* TASK REQUIREMENTS
Once the line containing "Created: 2023-03-04" is found in the records below, return it and each following line exactly, up to and including the line containing "M5 x 12.ipt", and nothing else.

(Dataset items)
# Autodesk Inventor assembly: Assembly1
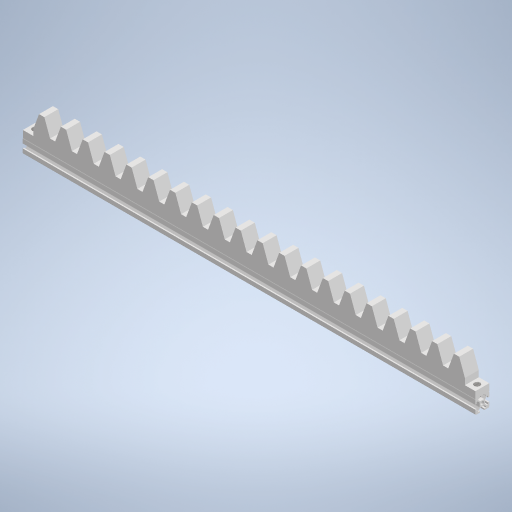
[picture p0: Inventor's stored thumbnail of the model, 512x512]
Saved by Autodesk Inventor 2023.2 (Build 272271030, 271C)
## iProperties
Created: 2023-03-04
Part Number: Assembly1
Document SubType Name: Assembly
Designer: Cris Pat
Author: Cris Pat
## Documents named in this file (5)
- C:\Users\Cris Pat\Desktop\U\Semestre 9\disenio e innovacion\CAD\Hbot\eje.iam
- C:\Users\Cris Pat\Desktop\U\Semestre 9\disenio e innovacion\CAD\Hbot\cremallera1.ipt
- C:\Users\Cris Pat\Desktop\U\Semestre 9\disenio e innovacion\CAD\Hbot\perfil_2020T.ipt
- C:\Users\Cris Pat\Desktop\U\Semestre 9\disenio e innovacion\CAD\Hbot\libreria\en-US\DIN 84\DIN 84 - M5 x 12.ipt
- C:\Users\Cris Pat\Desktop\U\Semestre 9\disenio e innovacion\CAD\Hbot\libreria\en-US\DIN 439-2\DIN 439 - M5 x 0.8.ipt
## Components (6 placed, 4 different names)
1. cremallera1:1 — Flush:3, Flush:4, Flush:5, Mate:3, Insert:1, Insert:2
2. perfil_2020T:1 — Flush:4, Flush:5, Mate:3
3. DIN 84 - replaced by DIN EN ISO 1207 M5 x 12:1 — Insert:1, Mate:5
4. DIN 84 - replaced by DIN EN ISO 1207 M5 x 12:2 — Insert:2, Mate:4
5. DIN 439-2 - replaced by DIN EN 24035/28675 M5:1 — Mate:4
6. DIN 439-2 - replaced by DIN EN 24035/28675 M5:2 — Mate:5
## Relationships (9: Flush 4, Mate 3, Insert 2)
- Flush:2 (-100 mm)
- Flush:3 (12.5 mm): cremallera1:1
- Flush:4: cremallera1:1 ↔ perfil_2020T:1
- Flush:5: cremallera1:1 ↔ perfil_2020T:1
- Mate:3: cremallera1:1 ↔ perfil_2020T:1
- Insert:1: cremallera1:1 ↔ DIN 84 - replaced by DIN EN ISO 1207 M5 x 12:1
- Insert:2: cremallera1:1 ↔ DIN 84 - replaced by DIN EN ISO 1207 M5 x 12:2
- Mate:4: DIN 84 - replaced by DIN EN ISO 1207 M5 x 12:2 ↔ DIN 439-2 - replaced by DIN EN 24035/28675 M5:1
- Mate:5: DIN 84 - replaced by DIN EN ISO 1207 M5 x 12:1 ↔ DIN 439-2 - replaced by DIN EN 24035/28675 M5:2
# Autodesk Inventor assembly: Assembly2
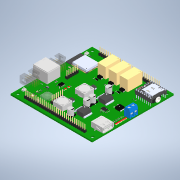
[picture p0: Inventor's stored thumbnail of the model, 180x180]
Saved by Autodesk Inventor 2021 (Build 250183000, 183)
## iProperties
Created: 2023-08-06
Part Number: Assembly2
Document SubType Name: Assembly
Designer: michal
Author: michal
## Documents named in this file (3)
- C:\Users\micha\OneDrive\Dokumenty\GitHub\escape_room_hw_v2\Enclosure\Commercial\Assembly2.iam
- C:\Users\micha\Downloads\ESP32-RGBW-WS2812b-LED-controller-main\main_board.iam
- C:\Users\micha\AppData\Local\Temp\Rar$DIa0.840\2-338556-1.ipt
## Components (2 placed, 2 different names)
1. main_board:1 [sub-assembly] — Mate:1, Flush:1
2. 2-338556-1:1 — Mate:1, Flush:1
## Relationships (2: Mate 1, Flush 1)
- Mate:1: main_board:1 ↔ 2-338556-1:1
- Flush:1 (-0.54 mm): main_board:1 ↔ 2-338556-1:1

* WRITTEN RESPONSE
Created: 2023-03-04
Part Number: Assembly1
Document SubType Name: Assembly
Designer: Cris Pat
Author: Cris Pat
## Documents named in this file (5)
- C:\Users\Cris Pat\Desktop\U\Semestre 9\disenio e innovacion\CAD\Hbot\eje.iam
- C:\Users\Cris Pat\Desktop\U\Semestre 9\disenio e innovacion\CAD\Hbot\cremallera1.ipt
- C:\Users\Cris Pat\Desktop\U\Semestre 9\disenio e innovacion\CAD\Hbot\perfil_2020T.ipt
- C:\Users\Cris Pat\Desktop\U\Semestre 9\disenio e innovacion\CAD\Hbot\libreria\en-US\DIN 84\DIN 84 - M5 x 12.ipt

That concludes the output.